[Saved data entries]
****

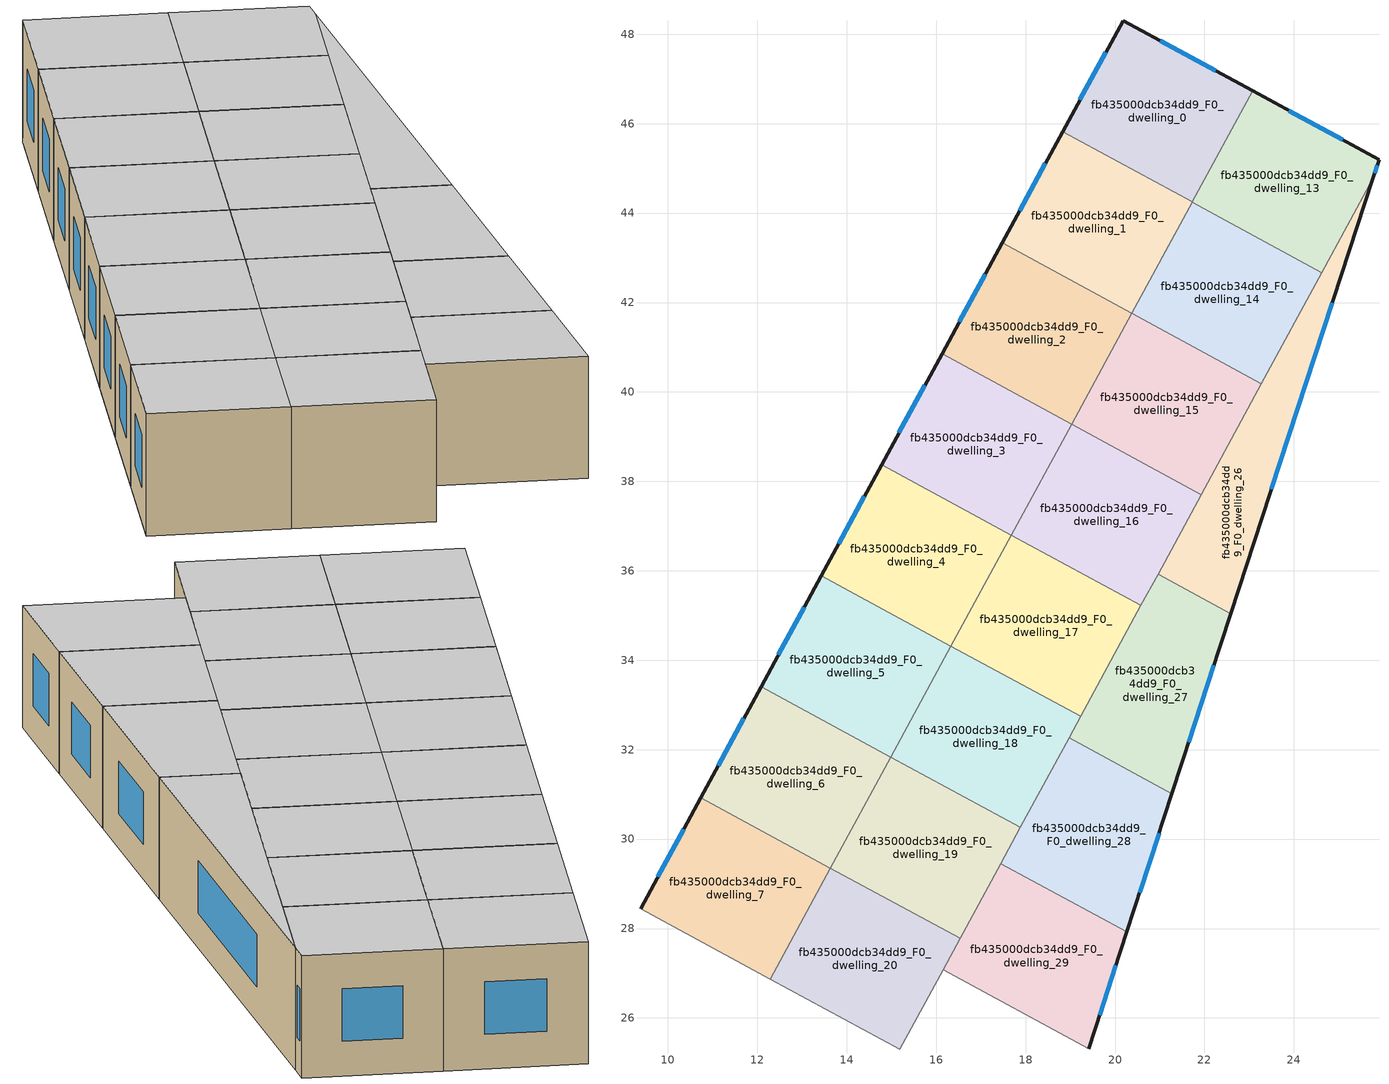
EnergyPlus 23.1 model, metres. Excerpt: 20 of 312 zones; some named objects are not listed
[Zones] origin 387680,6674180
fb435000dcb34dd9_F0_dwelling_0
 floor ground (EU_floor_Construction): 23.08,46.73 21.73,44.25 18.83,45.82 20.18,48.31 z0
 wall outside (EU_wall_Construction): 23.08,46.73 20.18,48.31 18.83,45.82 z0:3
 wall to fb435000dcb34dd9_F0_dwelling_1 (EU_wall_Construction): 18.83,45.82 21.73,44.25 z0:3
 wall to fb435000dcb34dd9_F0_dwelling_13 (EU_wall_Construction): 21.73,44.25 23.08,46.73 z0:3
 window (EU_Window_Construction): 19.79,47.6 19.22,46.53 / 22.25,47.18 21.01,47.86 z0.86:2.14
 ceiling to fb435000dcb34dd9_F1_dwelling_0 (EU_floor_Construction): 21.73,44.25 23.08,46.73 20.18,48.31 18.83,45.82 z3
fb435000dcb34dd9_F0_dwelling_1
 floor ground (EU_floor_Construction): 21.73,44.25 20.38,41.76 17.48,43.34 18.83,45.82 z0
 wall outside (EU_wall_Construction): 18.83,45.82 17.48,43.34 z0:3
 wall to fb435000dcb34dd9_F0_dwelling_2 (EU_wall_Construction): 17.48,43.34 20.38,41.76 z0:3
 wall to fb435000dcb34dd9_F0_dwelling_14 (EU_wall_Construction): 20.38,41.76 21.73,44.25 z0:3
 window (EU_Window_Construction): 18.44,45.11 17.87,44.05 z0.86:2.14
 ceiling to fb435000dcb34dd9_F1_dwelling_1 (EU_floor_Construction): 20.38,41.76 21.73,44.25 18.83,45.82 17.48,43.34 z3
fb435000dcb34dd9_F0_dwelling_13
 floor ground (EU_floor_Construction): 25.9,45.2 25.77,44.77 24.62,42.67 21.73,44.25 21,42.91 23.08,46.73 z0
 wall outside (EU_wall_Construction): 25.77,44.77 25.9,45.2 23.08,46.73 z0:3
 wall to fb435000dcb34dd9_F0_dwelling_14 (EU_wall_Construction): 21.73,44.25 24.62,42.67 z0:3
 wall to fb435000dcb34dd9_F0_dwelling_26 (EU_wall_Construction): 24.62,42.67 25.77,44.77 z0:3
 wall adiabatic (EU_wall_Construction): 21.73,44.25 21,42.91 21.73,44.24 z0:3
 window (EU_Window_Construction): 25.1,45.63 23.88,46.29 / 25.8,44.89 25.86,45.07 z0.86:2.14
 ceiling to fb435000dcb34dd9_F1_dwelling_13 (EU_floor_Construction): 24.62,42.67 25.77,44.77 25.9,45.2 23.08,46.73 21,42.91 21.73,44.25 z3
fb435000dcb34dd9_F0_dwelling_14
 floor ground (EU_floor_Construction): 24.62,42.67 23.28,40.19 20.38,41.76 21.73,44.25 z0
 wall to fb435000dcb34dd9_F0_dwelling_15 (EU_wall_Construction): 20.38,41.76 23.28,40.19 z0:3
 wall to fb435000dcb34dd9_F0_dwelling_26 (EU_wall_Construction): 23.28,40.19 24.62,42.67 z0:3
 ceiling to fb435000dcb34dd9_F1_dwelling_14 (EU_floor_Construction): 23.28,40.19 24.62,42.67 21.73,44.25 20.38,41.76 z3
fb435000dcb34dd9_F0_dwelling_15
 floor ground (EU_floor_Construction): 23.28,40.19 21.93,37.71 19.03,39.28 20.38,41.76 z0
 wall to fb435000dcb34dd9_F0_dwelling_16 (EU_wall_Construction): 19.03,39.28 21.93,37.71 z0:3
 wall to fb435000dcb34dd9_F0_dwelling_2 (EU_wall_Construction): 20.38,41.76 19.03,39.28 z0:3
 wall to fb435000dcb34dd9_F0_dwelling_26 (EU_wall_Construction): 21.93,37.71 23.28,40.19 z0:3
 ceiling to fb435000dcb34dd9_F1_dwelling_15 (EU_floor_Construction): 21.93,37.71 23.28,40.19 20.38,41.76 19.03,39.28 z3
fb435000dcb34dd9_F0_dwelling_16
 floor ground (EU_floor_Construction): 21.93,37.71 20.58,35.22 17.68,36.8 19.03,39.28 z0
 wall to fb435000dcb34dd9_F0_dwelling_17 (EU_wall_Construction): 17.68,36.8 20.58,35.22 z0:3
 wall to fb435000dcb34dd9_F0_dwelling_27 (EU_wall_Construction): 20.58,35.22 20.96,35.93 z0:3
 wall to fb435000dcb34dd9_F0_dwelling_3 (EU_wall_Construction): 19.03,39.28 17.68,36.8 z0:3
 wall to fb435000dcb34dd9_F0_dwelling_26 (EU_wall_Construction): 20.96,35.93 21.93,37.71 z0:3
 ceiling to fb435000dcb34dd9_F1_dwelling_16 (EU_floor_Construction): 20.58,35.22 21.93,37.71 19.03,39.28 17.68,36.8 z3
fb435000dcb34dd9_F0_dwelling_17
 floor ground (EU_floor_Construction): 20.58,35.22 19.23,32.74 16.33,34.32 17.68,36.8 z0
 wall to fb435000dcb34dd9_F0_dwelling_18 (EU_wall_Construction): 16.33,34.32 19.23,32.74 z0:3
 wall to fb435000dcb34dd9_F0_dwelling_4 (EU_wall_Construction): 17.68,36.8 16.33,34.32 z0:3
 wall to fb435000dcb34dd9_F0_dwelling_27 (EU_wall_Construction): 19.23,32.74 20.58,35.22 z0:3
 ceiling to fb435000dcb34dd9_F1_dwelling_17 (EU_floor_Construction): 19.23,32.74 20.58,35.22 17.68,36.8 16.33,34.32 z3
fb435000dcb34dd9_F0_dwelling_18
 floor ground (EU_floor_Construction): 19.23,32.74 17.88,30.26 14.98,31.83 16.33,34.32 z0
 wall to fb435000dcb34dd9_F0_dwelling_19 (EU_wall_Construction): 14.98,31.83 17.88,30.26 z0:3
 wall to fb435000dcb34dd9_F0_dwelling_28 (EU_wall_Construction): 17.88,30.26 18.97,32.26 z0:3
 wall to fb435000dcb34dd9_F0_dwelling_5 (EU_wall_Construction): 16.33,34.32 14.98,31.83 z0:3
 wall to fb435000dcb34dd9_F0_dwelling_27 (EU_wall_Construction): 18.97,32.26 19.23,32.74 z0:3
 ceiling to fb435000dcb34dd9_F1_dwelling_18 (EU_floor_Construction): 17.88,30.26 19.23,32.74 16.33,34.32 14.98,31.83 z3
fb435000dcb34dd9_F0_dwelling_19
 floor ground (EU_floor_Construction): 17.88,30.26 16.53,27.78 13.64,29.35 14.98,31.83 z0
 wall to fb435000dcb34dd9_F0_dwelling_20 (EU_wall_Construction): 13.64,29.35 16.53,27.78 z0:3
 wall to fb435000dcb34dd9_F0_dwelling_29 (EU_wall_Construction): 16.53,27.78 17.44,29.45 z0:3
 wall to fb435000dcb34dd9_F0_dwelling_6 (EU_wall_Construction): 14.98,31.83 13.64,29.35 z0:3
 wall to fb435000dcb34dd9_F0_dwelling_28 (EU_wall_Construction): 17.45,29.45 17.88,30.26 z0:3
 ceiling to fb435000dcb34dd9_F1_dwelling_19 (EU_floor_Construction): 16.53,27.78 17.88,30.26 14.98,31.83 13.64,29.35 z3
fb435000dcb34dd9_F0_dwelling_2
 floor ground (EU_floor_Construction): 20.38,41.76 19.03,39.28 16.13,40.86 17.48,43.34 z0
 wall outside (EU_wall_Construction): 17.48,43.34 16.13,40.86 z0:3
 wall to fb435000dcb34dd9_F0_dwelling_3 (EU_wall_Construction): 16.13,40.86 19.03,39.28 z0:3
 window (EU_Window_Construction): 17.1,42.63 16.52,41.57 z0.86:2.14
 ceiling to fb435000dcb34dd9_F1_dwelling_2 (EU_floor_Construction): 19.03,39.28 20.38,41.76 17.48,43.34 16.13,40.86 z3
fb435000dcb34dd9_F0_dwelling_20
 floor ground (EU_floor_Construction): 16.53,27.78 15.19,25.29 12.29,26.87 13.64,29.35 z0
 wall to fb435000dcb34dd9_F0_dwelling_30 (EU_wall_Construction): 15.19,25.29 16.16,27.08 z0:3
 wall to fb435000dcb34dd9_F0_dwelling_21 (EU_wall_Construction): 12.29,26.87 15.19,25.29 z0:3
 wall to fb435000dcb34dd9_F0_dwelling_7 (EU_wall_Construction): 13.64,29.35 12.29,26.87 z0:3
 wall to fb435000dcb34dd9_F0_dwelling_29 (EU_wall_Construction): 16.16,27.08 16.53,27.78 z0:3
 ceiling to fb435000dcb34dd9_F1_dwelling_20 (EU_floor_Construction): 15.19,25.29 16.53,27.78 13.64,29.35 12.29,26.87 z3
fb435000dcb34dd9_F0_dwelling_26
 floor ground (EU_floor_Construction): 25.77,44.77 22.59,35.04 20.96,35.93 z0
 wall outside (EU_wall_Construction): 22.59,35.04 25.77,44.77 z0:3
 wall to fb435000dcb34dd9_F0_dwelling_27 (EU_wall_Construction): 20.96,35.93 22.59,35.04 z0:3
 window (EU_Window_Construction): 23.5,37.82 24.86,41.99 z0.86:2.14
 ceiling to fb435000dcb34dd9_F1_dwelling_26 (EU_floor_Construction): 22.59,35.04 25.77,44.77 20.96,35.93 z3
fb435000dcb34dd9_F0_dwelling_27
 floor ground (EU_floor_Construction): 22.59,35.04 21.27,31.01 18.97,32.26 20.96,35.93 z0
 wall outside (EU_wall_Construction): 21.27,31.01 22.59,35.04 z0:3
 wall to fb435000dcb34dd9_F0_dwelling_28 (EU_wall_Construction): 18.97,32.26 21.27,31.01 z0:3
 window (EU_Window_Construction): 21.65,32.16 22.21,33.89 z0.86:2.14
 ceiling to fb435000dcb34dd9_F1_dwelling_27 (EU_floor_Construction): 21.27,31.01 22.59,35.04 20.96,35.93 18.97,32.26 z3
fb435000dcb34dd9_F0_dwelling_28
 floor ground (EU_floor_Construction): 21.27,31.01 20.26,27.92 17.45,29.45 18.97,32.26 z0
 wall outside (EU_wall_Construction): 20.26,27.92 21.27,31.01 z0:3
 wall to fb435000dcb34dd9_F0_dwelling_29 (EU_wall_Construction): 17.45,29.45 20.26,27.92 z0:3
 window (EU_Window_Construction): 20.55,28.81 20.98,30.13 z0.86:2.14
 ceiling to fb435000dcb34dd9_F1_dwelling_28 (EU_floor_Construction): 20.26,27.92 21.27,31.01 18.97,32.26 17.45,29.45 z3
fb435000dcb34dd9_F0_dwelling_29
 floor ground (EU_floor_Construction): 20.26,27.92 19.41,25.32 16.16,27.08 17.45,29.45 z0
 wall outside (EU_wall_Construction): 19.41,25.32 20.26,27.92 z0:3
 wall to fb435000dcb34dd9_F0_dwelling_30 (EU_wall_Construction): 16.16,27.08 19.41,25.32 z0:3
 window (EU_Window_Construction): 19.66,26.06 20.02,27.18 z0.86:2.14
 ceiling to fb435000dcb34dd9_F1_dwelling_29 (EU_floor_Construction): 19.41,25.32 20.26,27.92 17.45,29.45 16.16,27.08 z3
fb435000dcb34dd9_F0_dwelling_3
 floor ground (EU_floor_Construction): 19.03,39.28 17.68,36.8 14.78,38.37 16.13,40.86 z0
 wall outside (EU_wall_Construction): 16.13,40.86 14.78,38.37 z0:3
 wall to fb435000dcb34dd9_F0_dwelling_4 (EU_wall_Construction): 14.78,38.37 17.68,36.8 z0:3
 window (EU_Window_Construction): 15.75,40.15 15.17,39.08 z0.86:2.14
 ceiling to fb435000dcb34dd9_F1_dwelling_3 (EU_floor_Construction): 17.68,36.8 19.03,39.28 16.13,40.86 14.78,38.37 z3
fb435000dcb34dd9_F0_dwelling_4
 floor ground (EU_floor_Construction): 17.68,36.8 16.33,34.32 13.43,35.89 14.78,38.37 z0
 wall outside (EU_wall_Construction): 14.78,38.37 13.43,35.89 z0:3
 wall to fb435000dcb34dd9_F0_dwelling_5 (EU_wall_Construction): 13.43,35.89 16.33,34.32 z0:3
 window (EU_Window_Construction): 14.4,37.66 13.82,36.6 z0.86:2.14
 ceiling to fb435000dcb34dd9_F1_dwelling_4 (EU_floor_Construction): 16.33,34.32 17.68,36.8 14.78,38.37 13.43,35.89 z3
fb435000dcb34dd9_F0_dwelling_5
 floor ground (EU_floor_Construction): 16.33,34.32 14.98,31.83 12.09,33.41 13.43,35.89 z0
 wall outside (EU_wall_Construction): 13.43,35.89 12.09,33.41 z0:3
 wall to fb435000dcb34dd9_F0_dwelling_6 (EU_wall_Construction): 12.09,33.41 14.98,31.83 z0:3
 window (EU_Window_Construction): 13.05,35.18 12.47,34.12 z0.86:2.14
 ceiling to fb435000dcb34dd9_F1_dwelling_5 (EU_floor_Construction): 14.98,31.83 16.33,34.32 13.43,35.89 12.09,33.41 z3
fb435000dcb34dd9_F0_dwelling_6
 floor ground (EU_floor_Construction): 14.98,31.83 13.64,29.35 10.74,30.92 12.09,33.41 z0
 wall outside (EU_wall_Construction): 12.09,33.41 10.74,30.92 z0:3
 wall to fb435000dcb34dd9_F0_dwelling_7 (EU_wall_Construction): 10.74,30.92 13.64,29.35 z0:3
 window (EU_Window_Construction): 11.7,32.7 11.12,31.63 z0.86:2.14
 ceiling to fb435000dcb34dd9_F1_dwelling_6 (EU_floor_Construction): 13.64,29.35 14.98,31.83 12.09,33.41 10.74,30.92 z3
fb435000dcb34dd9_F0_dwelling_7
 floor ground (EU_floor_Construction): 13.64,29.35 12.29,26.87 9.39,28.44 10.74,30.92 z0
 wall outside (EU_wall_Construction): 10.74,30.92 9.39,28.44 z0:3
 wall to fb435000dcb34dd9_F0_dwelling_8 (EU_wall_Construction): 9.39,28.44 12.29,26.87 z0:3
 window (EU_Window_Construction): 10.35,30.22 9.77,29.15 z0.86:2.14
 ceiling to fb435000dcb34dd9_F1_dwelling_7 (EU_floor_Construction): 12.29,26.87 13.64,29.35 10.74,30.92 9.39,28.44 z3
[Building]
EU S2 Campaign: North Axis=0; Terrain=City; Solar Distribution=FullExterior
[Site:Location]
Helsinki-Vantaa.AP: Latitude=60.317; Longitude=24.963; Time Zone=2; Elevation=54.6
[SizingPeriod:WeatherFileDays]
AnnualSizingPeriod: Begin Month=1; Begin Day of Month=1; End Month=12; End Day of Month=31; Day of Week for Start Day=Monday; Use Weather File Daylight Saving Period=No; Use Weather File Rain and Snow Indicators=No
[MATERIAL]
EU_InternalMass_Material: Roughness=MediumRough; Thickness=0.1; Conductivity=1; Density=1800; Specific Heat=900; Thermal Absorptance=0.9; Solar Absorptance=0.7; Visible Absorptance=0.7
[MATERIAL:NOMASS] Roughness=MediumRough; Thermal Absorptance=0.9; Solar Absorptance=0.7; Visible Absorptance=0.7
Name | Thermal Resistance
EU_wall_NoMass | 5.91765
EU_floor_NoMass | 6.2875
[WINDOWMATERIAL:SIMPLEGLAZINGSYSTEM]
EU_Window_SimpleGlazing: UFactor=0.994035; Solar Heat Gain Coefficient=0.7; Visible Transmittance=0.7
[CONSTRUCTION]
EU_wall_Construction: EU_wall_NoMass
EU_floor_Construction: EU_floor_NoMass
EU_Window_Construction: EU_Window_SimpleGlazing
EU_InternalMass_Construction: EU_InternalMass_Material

****

* [TASK TO CARRY OUT] Set down exactly, and only, the lines from the one with "[MATERIAL:NOMASS] Roughness=MediumRough; Thermal" to the final line of the data.

* [EXERCISE SOLUTION]
[MATERIAL:NOMASS] Roughness=MediumRough; Thermal Absorptance=0.9; Solar Absorptance=0.7; Visible Absorptance=0.7
Name | Thermal Resistance
EU_wall_NoMass | 5.91765
EU_floor_NoMass | 6.2875
[WINDOWMATERIAL:SIMPLEGLAZINGSYSTEM]
EU_Window_SimpleGlazing: UFactor=0.994035; Solar Heat Gain Coefficient=0.7; Visible Transmittance=0.7
[CONSTRUCTION]
EU_wall_Construction: EU_wall_NoMass
EU_floor_Construction: EU_floor_NoMass
EU_Window_Construction: EU_Window_SimpleGlazing
EU_InternalMass_Construction: EU_InternalMass_Material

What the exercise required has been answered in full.